The human factors in LAX safety
I cannot agree more with the argument in The Times’ Nov. 22 editorial, “What LAX really needs,” that improving safety should be the highest priority at Los Angeles International Airport. However, improving safety at LAX cannot simply be achieved, as The Times suggests, by “reconfiguring the north airfield, where parallel runways built for and earlier generation of aircraft are too close together for safety operations.” The root cause of LAX’s safety problems lies elsewhere.
Based on my research and teaching on aviation safety and runway incursions for the last 20 years at the University of Southern California, I have found that human factors are the most important contributor to runway incursions. In fact, according to the two most recent authoritative studies on the state of runway safety in the United States conducted by the Government Accountability Office, in which I was one of the 25 experts who participated, “the primary causes of incursions, according to experts we surveyed and some airport officials, are human factors issues, which can include miscommunication between air traffic controllers and pilots, a lack of situational awareness on the airfield by pilots, and performance and judgment errors by air traffic controllers and pilots.” During the fiscal year 2007, “pilot error” and “controller error” accounted for 85% of runway incursion causes.
According to the GAO, among 20 major U.S. airports that experienced the most runway incursions from fiscal year 2001 to August 2008, LAX has had the highest number of the two “most serious” categories of incursions (where one airplane must “take extreme action to narrowly avoid a collision”) and the second-highest number of other types of incursions, after Chicago O’Hare International Airport.

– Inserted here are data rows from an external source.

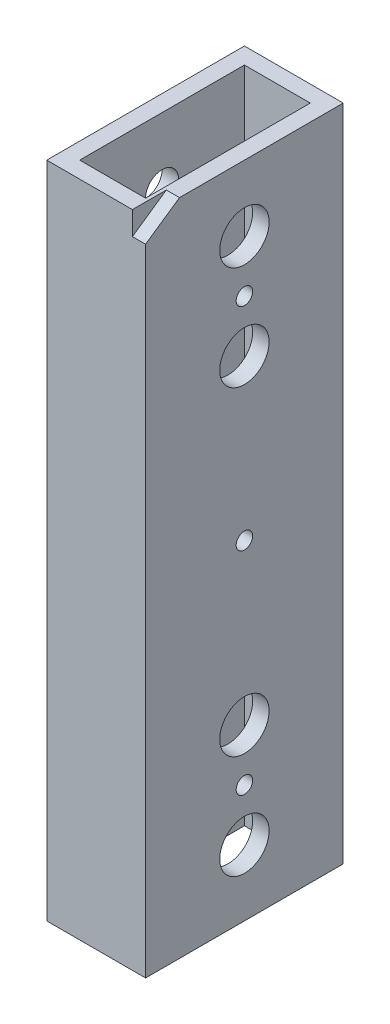
ISO-10303-21;
HEADER;
FILE_DESCRIPTION(('STEP AP214'),'2;1');
FILE_NAME('part.step','',(''),(''),'','','');
FILE_SCHEMA(('AUTOMOTIVE_DESIGN { 1 0 10303 214 1 1 1 1 }'));
ENDSEC;
DATA;
#1=APPLICATION_CONTEXT('core data for automotive mechanical design processes');
#2=APPLICATION_PROTOCOL_DEFINITION('international standard','automotive_design',2000,#1);
#3=PRODUCT_CONTEXT('',#1,'mechanical');
#4=PRODUCT('Part','Part','',(#3));
#5=PRODUCT_RELATED_PRODUCT_CATEGORY('part','',(#4));
#6=PRODUCT_DEFINITION_FORMATION('','',#4);
#7=PRODUCT_DEFINITION_CONTEXT('part definition',#1,'design');
#8=PRODUCT_DEFINITION('design','',#6,#7);
#9=PRODUCT_DEFINITION_SHAPE('','',#8);
#10=(LENGTH_UNIT() NAMED_UNIT(*) SI_UNIT(.MILLI.,.METRE.));
#11=(NAMED_UNIT(*) PLANE_ANGLE_UNIT() SI_UNIT($,.RADIAN.));
#12=(NAMED_UNIT(*) SI_UNIT($,.STERADIAN.) SOLID_ANGLE_UNIT());
#13=UNCERTAINTY_MEASURE_WITH_UNIT(LENGTH_MEASURE(1.E-05),#10,'distance_accuracy_value','');
#14=(GEOMETRIC_REPRESENTATION_CONTEXT(3) GLOBAL_UNCERTAINTY_ASSIGNED_CONTEXT((#13)) GLOBAL_UNIT_ASSIGNED_CONTEXT((#10,
#11,#12)) REPRESENTATION_CONTEXT('',''));
#15=CARTESIAN_POINT('',(0.,0.,0.));
#16=DIRECTION('',(0.,0.,1.));
#17=DIRECTION('',(1.,0.,0.));
#18=AXIS2_PLACEMENT_3D('',#15,#16,#17);
#19=CARTESIAN_POINT('',(0.,127.,0.));
#20=DIRECTION('',(0.,-1.,0.));
#21=DIRECTION('',(0.,0.,-1.));
#22=AXIS2_PLACEMENT_3D('',#19,#20,#21);
#23=PLANE('',#22);
#24=DIRECTION('',(0.,0.,1.));
#25=VECTOR('',#24,1.);
#26=CARTESIAN_POINT('',(16.51,127.,0.));
#27=LINE('',#26,#25);
#28=CARTESIAN_POINT('',(16.51,127.,-6.53736659995729));
#29=VERTEX_POINT('',#28);
#30=CARTESIAN_POINT('',(16.51,127.,0.));
#31=VERTEX_POINT('',#30);
#32=EDGE_CURVE('E129',#29,#31,#27,.T.);
#33=ORIENTED_EDGE('',*,*,#32,.F.);
#34=DIRECTION('',(1.,0.,0.));
#35=VECTOR('',#34,1.);
#36=CARTESIAN_POINT('',(16.51,127.,-6.53736659995729));
#37=LINE('',#36,#35);
#38=CARTESIAN_POINT('',(19.05,127.,-6.53736659995729));
#39=VERTEX_POINT('',#38);
#40=EDGE_CURVE('E126',#29,#39,#37,.T.);
#41=ORIENTED_EDGE('',*,*,#40,.T.);
#42=DIRECTION('',(0.,0.,-1.));
#43=VECTOR('',#42,1.);
#44=CARTESIAN_POINT('',(19.05,127.,0.));
#45=LINE('',#44,#43);
#46=CARTESIAN_POINT('',(19.05,127.,-38.1));
#47=VERTEX_POINT('',#46);
#48=EDGE_CURVE('E266',#39,#47,#45,.T.);
#49=ORIENTED_EDGE('',*,*,#48,.T.);
#50=DIRECTION('',(-1.,0.,0.));
#51=VECTOR('',#50,1.);
#52=CARTESIAN_POINT('',(0.,127.,-38.1));
#53=LINE('',#52,#51);
#54=CARTESIAN_POINT('',(0.,127.,-38.1));
#55=VERTEX_POINT('',#54);
#56=EDGE_CURVE('E269',#47,#55,#53,.T.);
#57=ORIENTED_EDGE('',*,*,#56,.T.);
#58=DIRECTION('',(0.,0.,1.));
#59=VECTOR('',#58,1.);
#60=CARTESIAN_POINT('',(0.,127.,0.));
#61=LINE('',#60,#59);
#62=CARTESIAN_POINT('',(0.,127.,0.));
#63=VERTEX_POINT('',#62);
#64=EDGE_CURVE('E259',#55,#63,#61,.T.);
#65=ORIENTED_EDGE('',*,*,#64,.T.);
#66=DIRECTION('',(1.,0.,0.));
#67=VECTOR('',#66,1.);
#68=CARTESIAN_POINT('',(0.,127.,0.));
#69=LINE('',#68,#67);
#70=EDGE_CURVE('E263',#63,#31,#69,.T.);
#71=ORIENTED_EDGE('',*,*,#70,.T.);
#72=EDGE_LOOP('',(#33,#41,#49,#57,#65,#71));
#73=FACE_BOUND('',#72,.T.);
#74=DIRECTION('',(0.,0.,1.));
#75=VECTOR('',#74,1.);
#76=CARTESIAN_POINT('',(3.175,127.,-3.175));
#77=LINE('',#76,#75);
#78=CARTESIAN_POINT('',(3.175,127.,-34.925));
#79=VERTEX_POINT('',#78);
#80=CARTESIAN_POINT('',(3.175,127.,-3.175));
#81=VERTEX_POINT('',#80);
#82=EDGE_CURVE('E225',#79,#81,#77,.T.);
#83=ORIENTED_EDGE('',*,*,#82,.F.);
#84=DIRECTION('',(-1.,0.,0.));
#85=VECTOR('',#84,1.);
#86=CARTESIAN_POINT('',(3.175,127.,-34.925));
#87=LINE('',#86,#85);
#88=CARTESIAN_POINT('',(15.875,127.,-34.925));
#89=VERTEX_POINT('',#88);
#90=EDGE_CURVE('E234',#89,#79,#87,.T.);
#91=ORIENTED_EDGE('',*,*,#90,.F.);
#92=DIRECTION('',(0.,0.,-1.));
#93=VECTOR('',#92,1.);
#94=CARTESIAN_POINT('',(15.875,127.,-3.175));
#95=LINE('',#94,#93);
#96=CARTESIAN_POINT('',(15.875,127.,-3.175));
#97=VERTEX_POINT('',#96);
#98=EDGE_CURVE('E231',#97,#89,#95,.T.);
#99=ORIENTED_EDGE('',*,*,#98,.F.);
#100=DIRECTION('',(1.,0.,0.));
#101=VECTOR('',#100,1.);
#102=CARTESIAN_POINT('',(3.175,127.,-3.175));
#103=LINE('',#102,#101);
#104=EDGE_CURVE('E228',#81,#97,#103,.T.);
#105=ORIENTED_EDGE('',*,*,#104,.F.);
#106=EDGE_LOOP('',(#83,#91,#99,#105));
#107=FACE_BOUND('',#106,.T.);
#108=ADVANCED_FACE('F41',(#73,#107),#23,.F.);
#109=CARTESIAN_POINT('',(0.,0.,0.));
#110=DIRECTION('',(0.,-1.,0.));
#111=DIRECTION('',(0.,0.,-1.));
#112=AXIS2_PLACEMENT_3D('',#109,#110,#111);
#113=PLANE('',#112);
#114=DIRECTION('',(0.,0.,1.));
#115=VECTOR('',#114,1.);
#116=CARTESIAN_POINT('',(0.,0.,0.));
#117=LINE('',#116,#115);
#118=CARTESIAN_POINT('',(0.,0.,-38.1));
#119=VERTEX_POINT('',#118);
#120=CARTESIAN_POINT('',(0.,0.,0.));
#121=VERTEX_POINT('',#120);
#122=EDGE_CURVE('E258',#119,#121,#117,.T.);
#123=ORIENTED_EDGE('',*,*,#122,.F.);
#124=DIRECTION('',(-1.,0.,0.));
#125=VECTOR('',#124,1.);
#126=CARTESIAN_POINT('',(0.,0.,-38.1));
#127=LINE('',#126,#125);
#128=CARTESIAN_POINT('',(19.05,0.,-38.1));
#129=VERTEX_POINT('',#128);
#130=EDGE_CURVE('E264',#129,#119,#127,.T.);
#131=ORIENTED_EDGE('',*,*,#130,.F.);
#132=DIRECTION('',(0.,0.,-1.));
#133=VECTOR('',#132,1.);
#134=CARTESIAN_POINT('',(19.05,0.,0.));
#135=LINE('',#134,#133);
#136=CARTESIAN_POINT('',(19.05,0.,0.));
#137=VERTEX_POINT('',#136);
#138=EDGE_CURVE('E277',#137,#129,#135,.T.);
#139=ORIENTED_EDGE('',*,*,#138,.F.);
#140=DIRECTION('',(1.,0.,0.));
#141=VECTOR('',#140,1.);
#142=CARTESIAN_POINT('',(0.,0.,0.));
#143=LINE('',#142,#141);
#144=EDGE_CURVE('E275',#121,#137,#143,.T.);
#145=ORIENTED_EDGE('',*,*,#144,.F.);
#146=EDGE_LOOP('',(#123,#131,#139,#145));
#147=FACE_BOUND('',#146,.T.);
#148=DIRECTION('',(-1.,0.,0.));
#149=VECTOR('',#148,1.);
#150=CARTESIAN_POINT('',(3.175,0.,-34.925));
#151=LINE('',#150,#149);
#152=CARTESIAN_POINT('',(15.875,0.,-34.925));
#153=VERTEX_POINT('',#152);
#154=CARTESIAN_POINT('',(3.175,0.,-34.925));
#155=VERTEX_POINT('',#154);
#156=EDGE_CURVE('E229',#153,#155,#151,.T.);
#157=ORIENTED_EDGE('',*,*,#156,.T.);
#158=DIRECTION('',(0.,0.,1.));
#159=VECTOR('',#158,1.);
#160=CARTESIAN_POINT('',(3.175,0.,-3.175));
#161=LINE('',#160,#159);
#162=CARTESIAN_POINT('',(3.175,0.,-3.175));
#163=VERTEX_POINT('',#162);
#164=EDGE_CURVE('E224',#155,#163,#161,.T.);
#165=ORIENTED_EDGE('',*,*,#164,.T.);
#166=DIRECTION('',(1.,0.,0.));
#167=VECTOR('',#166,1.);
#168=CARTESIAN_POINT('',(3.175,0.,-3.175));
#169=LINE('',#168,#167);
#170=CARTESIAN_POINT('',(15.875,0.,-3.175));
#171=VERTEX_POINT('',#170);
#172=EDGE_CURVE('E240',#163,#171,#169,.T.);
#173=ORIENTED_EDGE('',*,*,#172,.T.);
#174=DIRECTION('',(0.,0.,-1.));
#175=VECTOR('',#174,1.);
#176=CARTESIAN_POINT('',(15.875,0.,-3.175));
#177=LINE('',#176,#175);
#178=EDGE_CURVE('E243',#171,#153,#177,.T.);
#179=ORIENTED_EDGE('',*,*,#178,.T.);
#180=EDGE_LOOP('',(#157,#165,#173,#179));
#181=FACE_BOUND('',#180,.T.);
#182=ADVANCED_FACE('F320',(#147,#181),#113,.T.);
#183=CARTESIAN_POINT('',(0.,127.,0.));
#184=DIRECTION('',(1.,0.,0.));
#185=DIRECTION('',(0.,0.,-1.));
#186=AXIS2_PLACEMENT_3D('',#183,#184,#185);
#187=PLANE('',#186);
#188=CARTESIAN_POINT('',(0.,104.30002,-19.05));
#189=DIRECTION('',(-1.,0.,0.));
#190=DIRECTION('',(0.,0.,1.));
#191=AXIS2_PLACEMENT_3D('',#188,#189,#190);
#192=CIRCLE('',#191,4.7625);
#193=CARTESIAN_POINT('',(0.,104.30002,-14.2875));
#194=VERTEX_POINT('',#193);
#195=EDGE_CURVE('E147',#194,#194,#192,.T.);
#196=ORIENTED_EDGE('',*,*,#195,.F.);
#197=EDGE_LOOP('',(#196));
#198=FACE_BOUND('',#197,.T.);
#199=CARTESIAN_POINT('',(0.,63.5,-19.05));
#200=DIRECTION('',(-1.,0.,0.));
#201=DIRECTION('',(0.,0.,1.));
#202=AXIS2_PLACEMENT_3D('',#199,#200,#201);
#203=CIRCLE('',#202,4.7625);
#204=CARTESIAN_POINT('',(0.,63.5,-14.2875));
#205=VERTEX_POINT('',#204);
#206=EDGE_CURVE('E154',#205,#205,#203,.T.);
#207=ORIENTED_EDGE('',*,*,#206,.F.);
#208=EDGE_LOOP('',(#207));
#209=FACE_BOUND('',#208,.T.);
#210=CARTESIAN_POINT('',(0.,22.69998,-19.05));
#211=DIRECTION('',(-1.,0.,0.));
#212=DIRECTION('',(0.,0.,1.));
#213=AXIS2_PLACEMENT_3D('',#210,#211,#212);
#214=CIRCLE('',#213,4.7625);
#215=CARTESIAN_POINT('',(0.,22.69998,-14.2875));
#216=VERTEX_POINT('',#215);
#217=EDGE_CURVE('E160',#216,#216,#214,.T.);
#218=ORIENTED_EDGE('',*,*,#217,.F.);
#219=EDGE_LOOP('',(#218));
#220=FACE_BOUND('',#219,.T.);
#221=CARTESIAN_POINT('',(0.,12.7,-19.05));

I would like to point out that the most notable causes of runway incursions include, in addition to airport geometry and design, poor visibility (because of fog, for example), air traffic controllers’ communication practices, air traffic controller staffing, workload and fatigue, deficient or inoperative ground radar systems, departure delay, duty time limitation and pressure on cockpit crews, cockpit crews’ inadequate situational awareness, and cultural and language differences among interacting parties.
There are strong indications that our air traffic controllers nationwide are increasingly suffering from fatigue. This critical issue prompted the National Transportation Safety Board to update its “Most Wanted List” of safety improvements and add “three safety recommendations on air traffic controller fatigue to the existing aviation issue area that addresses human fatigue.”
To improve LAX safety, we have to act now by seriously addressing human factors such as workload, staffing, equipment adequacy and fatigue issues at the airport’s air traffic control tower. We cannot wait for federal agencies to conduct another protracted study and come up with recommendations. As The Times correctly says, “We expect better from our leaders” in this case. L.A. Mayor Antonio Villaraigosa should appoint an independent blue-ribbon commission to help tackle these urgent problems.
Najmedin Meshkati, a professor at USC’s Viterbi School of Engineering, conducts research on human factors in aviation safety.